━━━━━ SUPPLIED MATERIAL
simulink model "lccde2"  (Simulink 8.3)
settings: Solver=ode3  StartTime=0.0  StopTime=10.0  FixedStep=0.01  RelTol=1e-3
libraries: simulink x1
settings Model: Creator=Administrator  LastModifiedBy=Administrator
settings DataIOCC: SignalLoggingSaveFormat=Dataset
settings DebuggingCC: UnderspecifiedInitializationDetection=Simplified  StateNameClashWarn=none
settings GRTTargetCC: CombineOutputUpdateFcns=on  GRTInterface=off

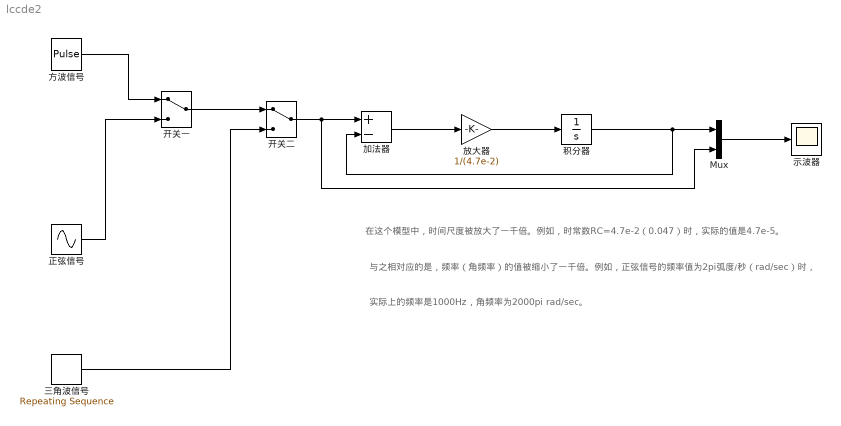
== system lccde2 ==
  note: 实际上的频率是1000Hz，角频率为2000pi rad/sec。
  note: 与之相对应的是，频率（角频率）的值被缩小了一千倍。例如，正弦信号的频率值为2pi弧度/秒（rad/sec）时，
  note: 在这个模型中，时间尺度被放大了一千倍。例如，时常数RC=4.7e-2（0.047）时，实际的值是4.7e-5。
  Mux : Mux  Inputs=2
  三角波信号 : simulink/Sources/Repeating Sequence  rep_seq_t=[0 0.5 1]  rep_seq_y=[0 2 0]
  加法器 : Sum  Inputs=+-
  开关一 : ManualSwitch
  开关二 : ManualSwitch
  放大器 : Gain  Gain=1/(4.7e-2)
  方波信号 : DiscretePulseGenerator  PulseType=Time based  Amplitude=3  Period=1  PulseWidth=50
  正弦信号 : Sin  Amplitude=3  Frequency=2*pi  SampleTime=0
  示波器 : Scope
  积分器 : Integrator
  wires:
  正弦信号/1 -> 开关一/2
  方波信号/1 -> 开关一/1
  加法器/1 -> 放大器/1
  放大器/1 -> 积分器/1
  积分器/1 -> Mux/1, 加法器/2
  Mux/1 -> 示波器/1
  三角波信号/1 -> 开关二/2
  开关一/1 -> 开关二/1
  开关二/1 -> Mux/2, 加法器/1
━━━━━━━━━━
**YOUR ASSIGNMENT**
Copy out the entries exactly. No pictures.

**RESPONSE TO THE EXERCISE**
simulink model "lccde2"  (Simulink 8.3)
settings: Solver=ode3  StartTime=0.0  StopTime=10.0  FixedStep=0.01  RelTol=1e-3
libraries: simulink x1
settings Model: Creator=Administrator  LastModifiedBy=Administrator
settings DataIOCC: SignalLoggingSaveFormat=Dataset
settings DebuggingCC: UnderspecifiedInitializationDetection=Simplified  StateNameClashWarn=none
settings GRTTargetCC: CombineOutputUpdateFcns=on  GRTInterface=off

== system lccde2 ==
  note: 实际上的频率是1000Hz，角频率为2000pi rad/sec。
  note: 与之相对应的是，频率（角频率）的值被缩小了一千倍。例如，正弦信号的频率值为2pi弧度/秒（rad/sec）时，
  note: 在这个模型中，时间尺度被放大了一千倍。例如，时常数RC=4.7e-2（0.047）时，实际的值是4.7e-5。
  Mux : Mux  Inputs=2
  三角波信号 : simulink/Sources/Repeating Sequence  rep_seq_t=[0 0.5 1]  rep_seq_y=[0 2 0]
  加法器 : Sum  Inputs=+-
  开关一 : ManualSwitch
  开关二 : ManualSwitch
  放大器 : Gain  Gain=1/(4.7e-2)
  方波信号 : DiscretePulseGenerator  PulseType=Time based  Amplitude=3  Period=1  PulseWidth=50
  正弦信号 : Sin  Amplitude=3  Frequency=2*pi  SampleTime=0
  示波器 : Scope
  积分器 : Integrator
  wires:
  正弦信号/1 -> 开关一/2
  方波信号/1 -> 开关一/1
  加法器/1 -> 放大器/1
  放大器/1 -> 积分器/1
  积分器/1 -> Mux/1, 加法器/2
  Mux/1 -> 示波器/1
  三角波信号/1 -> 开关二/2
  开关一/1 -> 开关二/1
  开关二/1 -> Mux/2, 加法器/1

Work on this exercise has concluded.